(Dataset records)
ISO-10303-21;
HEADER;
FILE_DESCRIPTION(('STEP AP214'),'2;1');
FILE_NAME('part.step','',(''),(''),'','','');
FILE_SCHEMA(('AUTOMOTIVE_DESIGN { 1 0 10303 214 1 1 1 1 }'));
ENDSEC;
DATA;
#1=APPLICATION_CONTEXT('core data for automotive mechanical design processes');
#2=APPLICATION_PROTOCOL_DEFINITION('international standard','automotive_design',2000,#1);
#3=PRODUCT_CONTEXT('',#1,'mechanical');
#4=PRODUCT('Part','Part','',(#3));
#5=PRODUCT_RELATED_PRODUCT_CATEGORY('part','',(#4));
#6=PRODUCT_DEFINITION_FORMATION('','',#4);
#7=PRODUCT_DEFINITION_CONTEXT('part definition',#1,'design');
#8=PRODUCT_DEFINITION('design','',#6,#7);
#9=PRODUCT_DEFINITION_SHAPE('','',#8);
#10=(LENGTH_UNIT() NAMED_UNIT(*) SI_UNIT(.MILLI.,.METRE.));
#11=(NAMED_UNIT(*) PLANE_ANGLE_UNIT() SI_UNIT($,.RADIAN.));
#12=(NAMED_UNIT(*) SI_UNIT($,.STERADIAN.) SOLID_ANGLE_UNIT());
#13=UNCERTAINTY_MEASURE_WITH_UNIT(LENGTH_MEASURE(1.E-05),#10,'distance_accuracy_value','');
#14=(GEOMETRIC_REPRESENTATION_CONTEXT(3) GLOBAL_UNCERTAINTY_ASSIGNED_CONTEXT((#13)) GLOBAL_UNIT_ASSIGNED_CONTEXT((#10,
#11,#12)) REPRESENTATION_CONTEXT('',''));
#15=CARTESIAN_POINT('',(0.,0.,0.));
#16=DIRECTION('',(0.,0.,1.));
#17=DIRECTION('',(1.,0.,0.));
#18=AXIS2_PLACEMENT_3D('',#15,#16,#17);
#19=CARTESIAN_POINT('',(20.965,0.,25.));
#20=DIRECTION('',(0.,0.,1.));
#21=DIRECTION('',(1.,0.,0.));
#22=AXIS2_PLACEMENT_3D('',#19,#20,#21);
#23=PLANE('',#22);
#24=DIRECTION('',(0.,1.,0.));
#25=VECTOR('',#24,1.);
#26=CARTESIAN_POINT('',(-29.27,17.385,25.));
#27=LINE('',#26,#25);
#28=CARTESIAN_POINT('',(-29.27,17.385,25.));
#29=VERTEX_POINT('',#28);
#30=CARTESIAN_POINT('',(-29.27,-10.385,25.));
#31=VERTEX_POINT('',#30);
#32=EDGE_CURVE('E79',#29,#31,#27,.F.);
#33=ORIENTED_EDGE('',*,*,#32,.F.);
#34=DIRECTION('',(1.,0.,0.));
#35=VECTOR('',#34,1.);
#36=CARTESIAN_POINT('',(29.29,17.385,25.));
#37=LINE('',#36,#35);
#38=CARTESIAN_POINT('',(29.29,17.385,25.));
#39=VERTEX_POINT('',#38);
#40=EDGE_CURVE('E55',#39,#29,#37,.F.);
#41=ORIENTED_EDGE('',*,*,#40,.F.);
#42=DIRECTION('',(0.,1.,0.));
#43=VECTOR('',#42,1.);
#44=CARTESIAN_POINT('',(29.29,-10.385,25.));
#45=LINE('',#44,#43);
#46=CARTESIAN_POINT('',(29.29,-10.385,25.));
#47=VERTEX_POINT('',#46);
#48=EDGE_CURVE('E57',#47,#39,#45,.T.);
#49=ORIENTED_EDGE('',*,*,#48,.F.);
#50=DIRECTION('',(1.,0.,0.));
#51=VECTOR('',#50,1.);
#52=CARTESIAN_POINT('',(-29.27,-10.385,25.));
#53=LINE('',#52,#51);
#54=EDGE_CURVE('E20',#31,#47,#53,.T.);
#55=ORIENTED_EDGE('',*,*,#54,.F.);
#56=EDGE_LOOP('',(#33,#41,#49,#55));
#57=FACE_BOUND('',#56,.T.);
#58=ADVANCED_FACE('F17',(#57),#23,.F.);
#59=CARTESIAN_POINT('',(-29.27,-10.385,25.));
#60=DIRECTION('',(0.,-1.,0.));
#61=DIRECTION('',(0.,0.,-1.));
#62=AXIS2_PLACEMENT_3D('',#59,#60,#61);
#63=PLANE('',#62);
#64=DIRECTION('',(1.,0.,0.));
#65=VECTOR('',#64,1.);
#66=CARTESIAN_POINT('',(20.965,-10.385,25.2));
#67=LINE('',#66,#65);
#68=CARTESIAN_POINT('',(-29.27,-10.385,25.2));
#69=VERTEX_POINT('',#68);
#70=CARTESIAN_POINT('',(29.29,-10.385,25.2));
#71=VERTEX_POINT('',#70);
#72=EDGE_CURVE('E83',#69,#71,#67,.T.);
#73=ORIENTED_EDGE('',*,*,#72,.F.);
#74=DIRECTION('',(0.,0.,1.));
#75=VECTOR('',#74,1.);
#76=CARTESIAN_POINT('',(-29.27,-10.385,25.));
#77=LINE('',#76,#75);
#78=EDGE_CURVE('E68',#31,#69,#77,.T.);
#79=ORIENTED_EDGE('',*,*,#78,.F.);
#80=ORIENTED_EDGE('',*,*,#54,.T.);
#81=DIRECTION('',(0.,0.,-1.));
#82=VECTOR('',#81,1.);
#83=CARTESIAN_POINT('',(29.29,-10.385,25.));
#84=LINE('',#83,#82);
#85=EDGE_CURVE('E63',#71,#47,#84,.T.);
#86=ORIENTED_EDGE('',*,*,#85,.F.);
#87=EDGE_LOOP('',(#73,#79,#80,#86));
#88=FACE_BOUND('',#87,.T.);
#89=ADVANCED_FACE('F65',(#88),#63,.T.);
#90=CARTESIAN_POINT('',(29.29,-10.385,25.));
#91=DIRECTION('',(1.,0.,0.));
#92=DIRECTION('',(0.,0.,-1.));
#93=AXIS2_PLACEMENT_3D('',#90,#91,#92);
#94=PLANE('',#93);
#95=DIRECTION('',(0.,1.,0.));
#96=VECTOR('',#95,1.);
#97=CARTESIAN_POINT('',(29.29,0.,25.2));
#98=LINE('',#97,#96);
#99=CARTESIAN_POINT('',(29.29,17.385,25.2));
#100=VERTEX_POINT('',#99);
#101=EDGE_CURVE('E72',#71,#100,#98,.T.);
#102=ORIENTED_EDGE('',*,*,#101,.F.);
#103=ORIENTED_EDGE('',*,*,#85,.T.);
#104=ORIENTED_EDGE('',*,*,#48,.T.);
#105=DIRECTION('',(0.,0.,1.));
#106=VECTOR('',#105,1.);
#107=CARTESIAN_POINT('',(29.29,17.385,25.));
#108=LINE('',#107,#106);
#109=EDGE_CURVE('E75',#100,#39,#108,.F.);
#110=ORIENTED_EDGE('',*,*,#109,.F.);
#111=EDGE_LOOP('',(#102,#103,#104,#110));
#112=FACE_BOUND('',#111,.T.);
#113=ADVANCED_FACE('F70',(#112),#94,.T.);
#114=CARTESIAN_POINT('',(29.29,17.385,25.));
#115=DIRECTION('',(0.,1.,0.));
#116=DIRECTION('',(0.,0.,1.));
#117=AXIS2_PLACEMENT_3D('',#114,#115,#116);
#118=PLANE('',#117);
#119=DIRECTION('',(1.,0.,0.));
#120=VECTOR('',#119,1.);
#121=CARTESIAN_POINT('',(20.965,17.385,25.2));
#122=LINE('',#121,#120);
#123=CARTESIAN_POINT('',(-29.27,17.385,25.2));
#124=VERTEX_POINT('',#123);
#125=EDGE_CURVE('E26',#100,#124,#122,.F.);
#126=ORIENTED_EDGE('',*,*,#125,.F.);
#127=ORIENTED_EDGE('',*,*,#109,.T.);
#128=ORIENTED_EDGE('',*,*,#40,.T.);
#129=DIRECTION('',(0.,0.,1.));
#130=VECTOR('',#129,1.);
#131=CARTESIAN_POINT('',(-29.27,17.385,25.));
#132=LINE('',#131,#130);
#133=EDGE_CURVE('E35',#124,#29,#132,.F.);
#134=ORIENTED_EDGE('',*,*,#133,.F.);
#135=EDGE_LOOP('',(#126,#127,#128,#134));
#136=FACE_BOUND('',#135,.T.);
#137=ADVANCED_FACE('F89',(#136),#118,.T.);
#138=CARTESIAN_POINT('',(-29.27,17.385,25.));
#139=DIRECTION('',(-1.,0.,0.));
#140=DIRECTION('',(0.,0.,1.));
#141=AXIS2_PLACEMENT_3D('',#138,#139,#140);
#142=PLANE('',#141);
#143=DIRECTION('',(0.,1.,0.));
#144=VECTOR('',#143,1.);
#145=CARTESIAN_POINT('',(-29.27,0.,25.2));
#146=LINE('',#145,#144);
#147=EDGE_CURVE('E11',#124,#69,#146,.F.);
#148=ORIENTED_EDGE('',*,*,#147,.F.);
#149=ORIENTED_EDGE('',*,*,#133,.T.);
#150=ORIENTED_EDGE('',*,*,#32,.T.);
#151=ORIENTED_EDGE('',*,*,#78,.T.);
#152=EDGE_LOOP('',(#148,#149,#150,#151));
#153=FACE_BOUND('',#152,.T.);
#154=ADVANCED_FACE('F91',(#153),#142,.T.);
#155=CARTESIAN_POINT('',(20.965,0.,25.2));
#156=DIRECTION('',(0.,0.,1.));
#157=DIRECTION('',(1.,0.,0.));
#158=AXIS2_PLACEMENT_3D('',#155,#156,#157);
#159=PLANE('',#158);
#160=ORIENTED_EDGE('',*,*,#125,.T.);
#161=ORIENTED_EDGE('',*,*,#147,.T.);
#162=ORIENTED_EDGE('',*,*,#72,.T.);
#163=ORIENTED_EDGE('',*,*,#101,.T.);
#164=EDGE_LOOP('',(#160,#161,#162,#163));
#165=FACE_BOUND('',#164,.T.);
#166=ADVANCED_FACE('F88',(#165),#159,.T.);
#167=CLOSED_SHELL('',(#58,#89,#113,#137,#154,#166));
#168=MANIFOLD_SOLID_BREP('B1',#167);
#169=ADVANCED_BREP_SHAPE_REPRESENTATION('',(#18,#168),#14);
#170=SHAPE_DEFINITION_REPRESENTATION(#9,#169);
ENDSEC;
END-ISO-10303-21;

(Exercise directions)
Above are the records. Copy the lines beginning at the one that has "#81=DIRECTION('',(0.,0.,-1.));" and ending with the one that has "#103=ORIENTED_EDGE('',*,*,#85,.T.);", unchanged.

(Answer to this exercise)
#81=DIRECTION('',(0.,0.,-1.));
#82=VECTOR('',#81,1.);
#83=CARTESIAN_POINT('',(29.29,-10.385,25.));
#84=LINE('',#83,#82);
#85=EDGE_CURVE('E63',#71,#47,#84,.T.);
#86=ORIENTED_EDGE('',*,*,#85,.F.);
#87=EDGE_LOOP('',(#73,#79,#80,#86));
#88=FACE_BOUND('',#87,.T.);
#89=ADVANCED_FACE('F65',(#88),#63,.T.);
#90=CARTESIAN_POINT('',(29.29,-10.385,25.));
#91=DIRECTION('',(1.,0.,0.));
#92=DIRECTION('',(0.,0.,-1.));
#93=AXIS2_PLACEMENT_3D('',#90,#91,#92);
#94=PLANE('',#93);
#95=DIRECTION('',(0.,1.,0.));
#96=VECTOR('',#95,1.);
#97=CARTESIAN_POINT('',(29.29,0.,25.2));
#98=LINE('',#97,#96);
#99=CARTESIAN_POINT('',(29.29,17.385,25.2));
#100=VERTEX_POINT('',#99);
#101=EDGE_CURVE('E72',#71,#100,#98,.T.);
#102=ORIENTED_EDGE('',*,*,#101,.F.);
#103=ORIENTED_EDGE('',*,*,#85,.T.);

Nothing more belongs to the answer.